(TASK STATEMENT): Write the data out again exactly, with every picture removed.

(ENTRIES SHOWN):
* * *

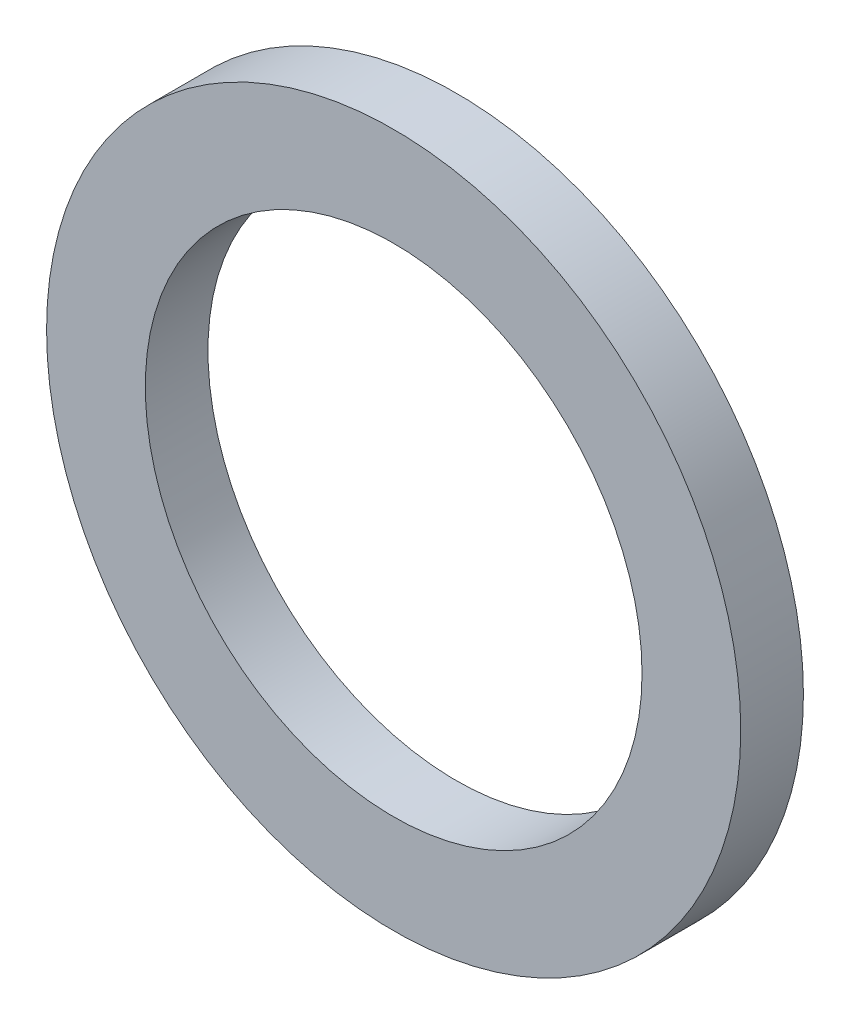
from build123d import *

# Parameters (mm, degrees)
SKETCH1_R           = 22.15
SKETCH1_R_2         = 15.85
BOSS_EXTRUDE1_DEPTH = 4


with BuildPart() as part:
    # Sketch1 → Boss-Extrude1 (new body)
    with BuildSketch(Plane.XY):
        Circle(SKETCH1_R)
        Circle(SKETCH1_R_2, mode=Mode.SUBTRACT)
    extrude(amount=BOSS_EXTRUDE1_DEPTH)


solid = part.part
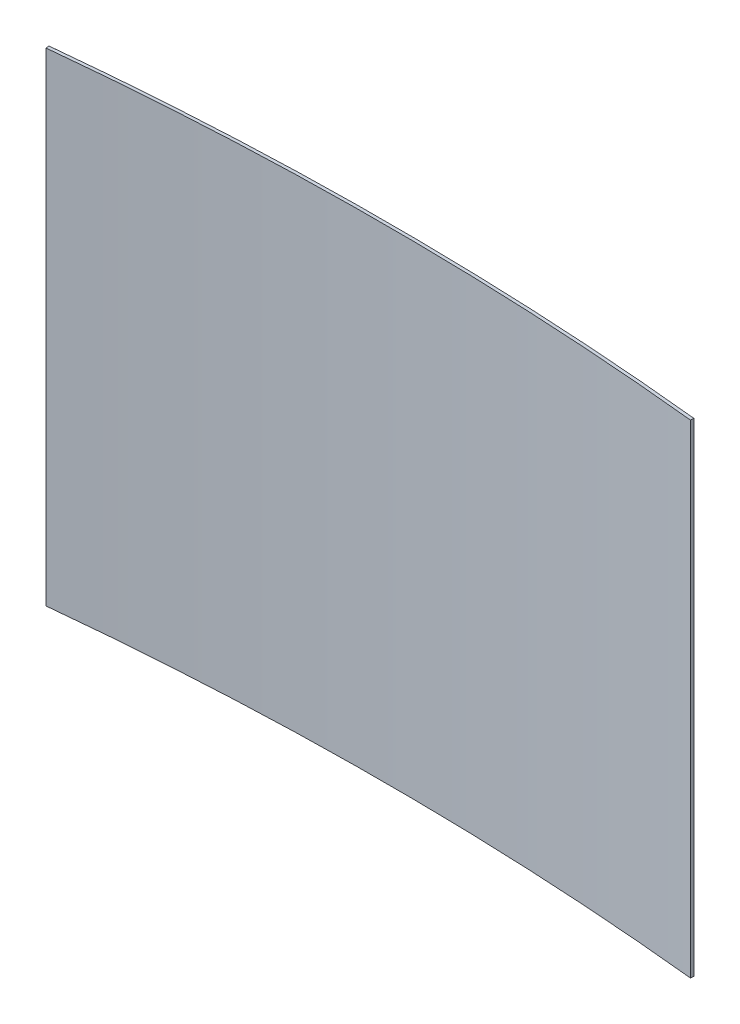
from build123d import *

# Parameters (mm, degrees)
SM_BASE_FLANGE_1_DEPTH = 75


# Sheet-metal steps are written as plain solids
with BuildPart() as part:
    # Sketch 1 → 基体-法兰1 (new, symmetric)
    with BuildSketch(Plane(origin=(0, 0, 0), x_dir=(1, 0, 0), z_dir=(0, 1, 0))):
        with BuildLine():
            ThreePointArc((100, 972.3714568), (0, 977.5), (-100, 972.3714568))
            Line((-100, 972.3714568), (-100.10230179, 973.366210209))
            ThreePointArc((-100.10230179, 973.366210209), (0, 978.5), (100.10230179, 973.366210209))
            Line((100.10230179, 973.366210209), (100, 972.3714568))
        make_face()
    extrude(amount=SM_BASE_FLANGE_1_DEPTH, both=True)


solid = part.part
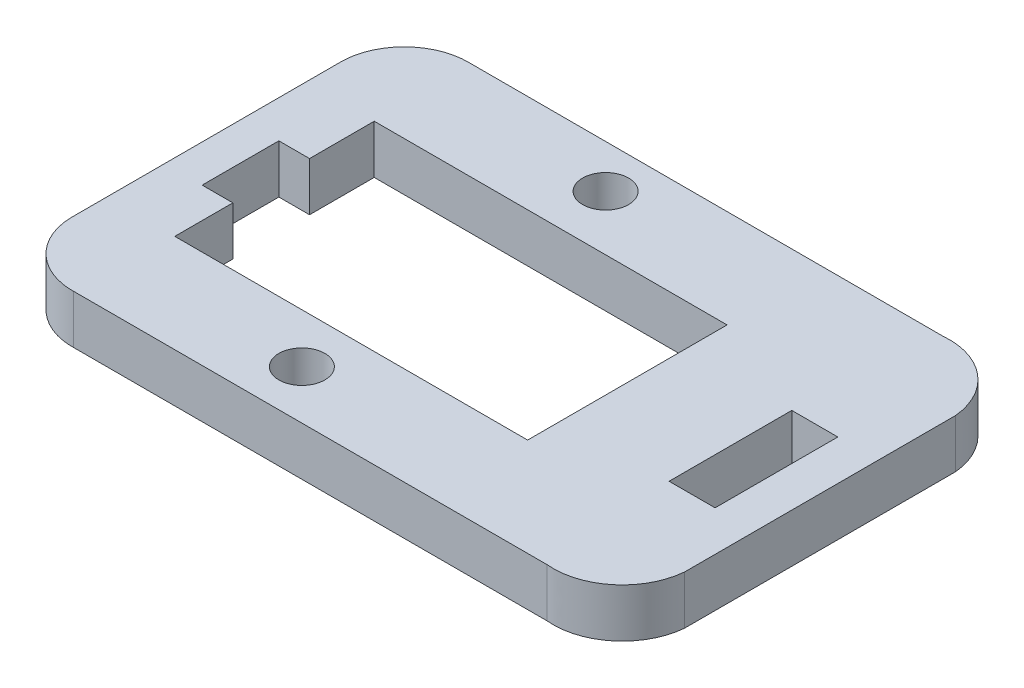
from build123d import *

# Parameters (mm, degrees)
SKETCH1_R           = 1.499950003
SKETCH1_R_2         = 1.49995001
SKETCH1_W           = 3.0001
SKETCH1_H           = 8
BOSS_EXTRUDE1_DEPTH = 3.175


with BuildPart() as part:
    # Sketch1 → Boss-Extrude1 (new body)
    with BuildSketch(Plane(origin=(0, 0, 0), x_dir=(1, 0, 0), z_dir=(0, 1, 0))):
        with BuildLine():
            Line((-15.7526, 12.89915), (15.1125, 12.89915))
            add(Edge.make_bspline(
                [(15.1125, 12.89915), (17.575103024, 13.12464748), (19.77450252, 11.294353024), (20, 8.83175)],
                knots=[0.111111111, 0.111111111, 0.111111111, 0.111111111, 0.222222222, 0.222222222, 0.222222222, 0.222222222], degree=3))
            Line((20, 8.83175), (20, -8.83175))
            add(Edge.make_bspline(
                [(20, -8.83175), (19.77450252, -11.294353024), (17.575103024, -13.12464748), (15.1125, -12.89915)],
                knots=[0.333333333, 0.333333333, 0.333333333, 0.333333333, 0.444444444, 0.444444444, 0.444444444, 0.444444444], degree=3))
            Line((15.1125, -12.89915), (-15.7526, -12.89915))
            add(Edge.make_bspline(
                [(-15.7526, -12.89915), (-18.039200664, -12.948650664), (-19.950499336, -11.118350664), (-20, -8.83175)],
                knots=[0.555555556, 0.555555556, 0.555555556, 0.555555556, 0.666666667, 0.666666667, 0.666666667, 0.666666667], degree=3))
            Line((-20, -8.83175), (-20, 8.83175))
            add(Edge.make_bspline(
                [(-20, 8.83175), (-19.950499336, 11.118350664), (-18.039200664, 12.948650664), (-15.7526, 12.89915)],
                knots=[0.777777778, 0.777777778, 0.777777778, 0.777777778, 1, 1, 1, 1], degree=3))
        make_face()
        with Locations((-4.06191002, 10.083599991)):
            Circle(SKETCH1_R, mode=Mode.SUBTRACT)
        with Locations((-4.06191002, -9.71635)):
            Circle(SKETCH1_R_2, mode=Mode.SUBTRACT)
        Polygon((-15.5612, 6.5), (7.4388, 6.5), (7.4388, -6.5), (-15.5612, -6.5), (-15.5612, -2.71635), (-17.5613, -2.71635), (-17.5613, 2.28365), (-15.5612, 2.28365), align=None, mode=Mode.SUBTRACT)
        with Locations((15.87435, -0.21635)):
            Rectangle(SKETCH1_W, SKETCH1_H, mode=Mode.SUBTRACT)
    extrude(amount=BOSS_EXTRUDE1_DEPTH)


solid = part.part
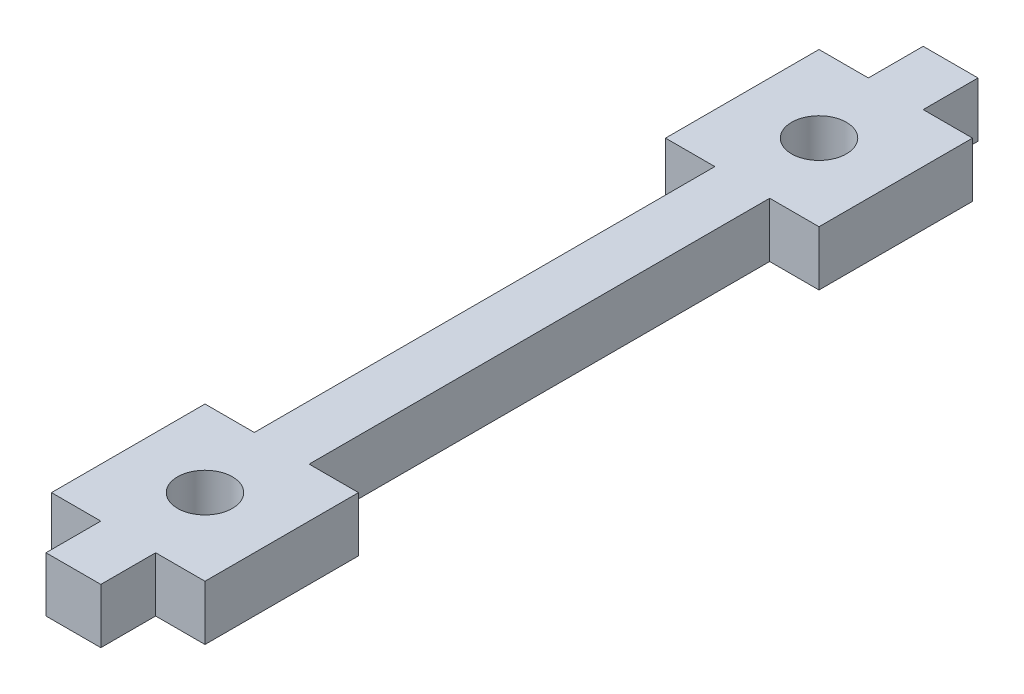
from build123d import *

# Parameters (mm, degrees)
SKETCH1_R           = 3.175
BOSS_EXTRUDE1_DEPTH = 6.35


with BuildPart() as part:
    # Sketch1 → Boss-Extrude1 (new body)
    with BuildSketch(Plane(origin=(0, 0, 0), x_dir=(1, 0, 0), z_dir=(0, 1, 0))):
        Polygon((0, 0), (0, 17.78), (-5.715, 17.78), (-5.715, 24.13), (-12.065, 24.13), (-12.065, 17.78), (-17.78, 17.78), (-17.78, 0), (-12.065, 0), (-12.065, -53.34), (-17.78, -53.34), (-17.78, -71.12), (-12.065, -71.12), (-12.065, -77.47), (-5.715, -77.47), (-5.715, -71.12), (0, -71.12), (0, -53.34), (-5.715, -53.34), (-5.715, 0), align=None)
        with Locations((-8.89, 8.89)):
            Circle(SKETCH1_R, mode=Mode.SUBTRACT)
        with Locations((-8.89, -62.23)):
            Circle(SKETCH1_R, mode=Mode.SUBTRACT)
    extrude(amount=BOSS_EXTRUDE1_DEPTH)


solid = part.part

* * *

(YOUR RESPONSE):
from build123d import *

# Parameters (mm, degrees)
SKETCH1_R           = 22.15
SKETCH1_R_2         = 15.85
BOSS_EXTRUDE1_DEPTH = 4


with BuildPart() as part:
    # Sketch1 → Boss-Extrude1 (new body)
    with BuildSketch(Plane.XY):
        Circle(SKETCH1_R)
        Circle(SKETCH1_R_2, mode=Mode.SUBTRACT)
    extrude(amount=BOSS_EXTRUDE1_DEPTH)


solid = part.part
from build123d import *

# Parameters (mm, degrees)
SM_BASE_FLANGE_1_DEPTH = 75


# Sheet-metal steps are written as plain solids
with BuildPart() as part:
    # Sketch 1 → 基体-法兰1 (new, symmetric)
    with BuildSketch(Plane(origin=(0, 0, 0), x_dir=(1, 0, 0), z_dir=(0, 1, 0))):
        with BuildLine():
            ThreePointArc((100, 972.3714568), (0, 977.5), (-100, 972.3714568))
            Line((-100, 972.3714568), (-100.10230179, 973.366210209))
            ThreePointArc((-100.10230179, 973.366210209), (0, 978.5), (100.10230179, 973.366210209))
            Line((100.10230179, 973.366210209), (100, 972.3714568))
        make_face()
    extrude(amount=SM_BASE_FLANGE_1_DEPTH, both=True)


solid = part.part
from build123d import *

# Parameters (mm, degrees)
SKETCH1_R           = 1.499950003
SKETCH1_R_2         = 1.49995001
SKETCH1_W           = 3.0001
SKETCH1_H           = 8
BOSS_EXTRUDE1_DEPTH = 3.175


with BuildPart() as part:
    # Sketch1 → Boss-Extrude1 (new body)
    with BuildSketch(Plane(origin=(0, 0, 0), x_dir=(1, 0, 0), z_dir=(0, 1, 0))):
        with BuildLine():
            Line((-15.7526, 12.89915), (15.1125, 12.89915))
            add(Edge.make_bspline(
                [(15.1125, 12.89915), (17.575103024, 13.12464748), (19.77450252, 11.294353024), (20, 8.83175)],
                knots=[0.111111111, 0.111111111, 0.111111111, 0.111111111, 0.222222222, 0.222222222, 0.222222222, 0.222222222], degree=3))
            Line((20, 8.83175), (20, -8.83175))
            add(Edge.make_bspline(
                [(20, -8.83175), (19.77450252, -11.294353024), (17.575103024, -13.12464748), (15.1125, -12.89915)],
                knots=[0.333333333, 0.333333333, 0.333333333, 0.333333333, 0.444444444, 0.444444444, 0.444444444, 0.444444444], degree=3))
            Line((15.1125, -12.89915), (-15.7526, -12.89915))
            add(Edge.make_bspline(
                [(-15.7526, -12.89915), (-18.039200664, -12.948650664), (-19.950499336, -11.118350664), (-20, -8.83175)],
                knots=[0.555555556, 0.555555556, 0.555555556, 0.555555556, 0.666666667, 0.666666667, 0.666666667, 0.666666667], degree=3))
            Line((-20, -8.83175), (-20, 8.83175))
            add(Edge.make_bspline(
                [(-20, 8.83175), (-19.950499336, 11.118350664), (-18.039200664, 12.948650664), (-15.7526, 12.89915)],
                knots=[0.777777778, 0.777777778, 0.777777778, 0.777777778, 1, 1, 1, 1], degree=3))
        make_face()
        with Locations((-4.06191002, 10.083599991)):
            Circle(SKETCH1_R, mode=Mode.SUBTRACT)
        with Locations((-4.06191002, -9.71635)):
            Circle(SKETCH1_R_2, mode=Mode.SUBTRACT)
        Polygon((-15.5612, 6.5), (7.4388, 6.5), (7.4388, -6.5), (-15.5612, -6.5), (-15.5612, -2.71635), (-17.5613, -2.71635), (-17.5613, 2.28365), (-15.5612, 2.28365), align=None, mode=Mode.SUBTRACT)
        with Locations((15.87435, -0.21635)):
            Rectangle(SKETCH1_W, SKETCH1_H, mode=Mode.SUBTRACT)
    extrude(amount=BOSS_EXTRUDE1_DEPTH)


solid = part.part
from build123d import *

# Parameters (mm, degrees)
SKETCH1_R           = 3.175
BOSS_EXTRUDE1_DEPTH = 6.35


with BuildPart() as part:
    # Sketch1 → Boss-Extrude1 (new body)
    with BuildSketch(Plane(origin=(0, 0, 0), x_dir=(1, 0, 0), z_dir=(0, 1, 0))):
        Polygon((0, 0), (0, 17.78), (-5.715, 17.78), (-5.715, 24.13), (-12.065, 24.13), (-12.065, 17.78), (-17.78, 17.78), (-17.78, 0), (-12.065, 0), (-12.065, -53.34), (-17.78, -53.34), (-17.78, -71.12), (-12.065, -71.12), (-12.065, -77.47), (-5.715, -77.47), (-5.715, -71.12), (0, -71.12), (0, -53.34), (-5.715, -53.34), (-5.715, 0), align=None)
        with Locations((-8.89, 8.89)):
            Circle(SKETCH1_R, mode=Mode.SUBTRACT)
        with Locations((-8.89, -62.23)):
            Circle(SKETCH1_R, mode=Mode.SUBTRACT)
    extrude(amount=BOSS_EXTRUDE1_DEPTH)


solid = part.part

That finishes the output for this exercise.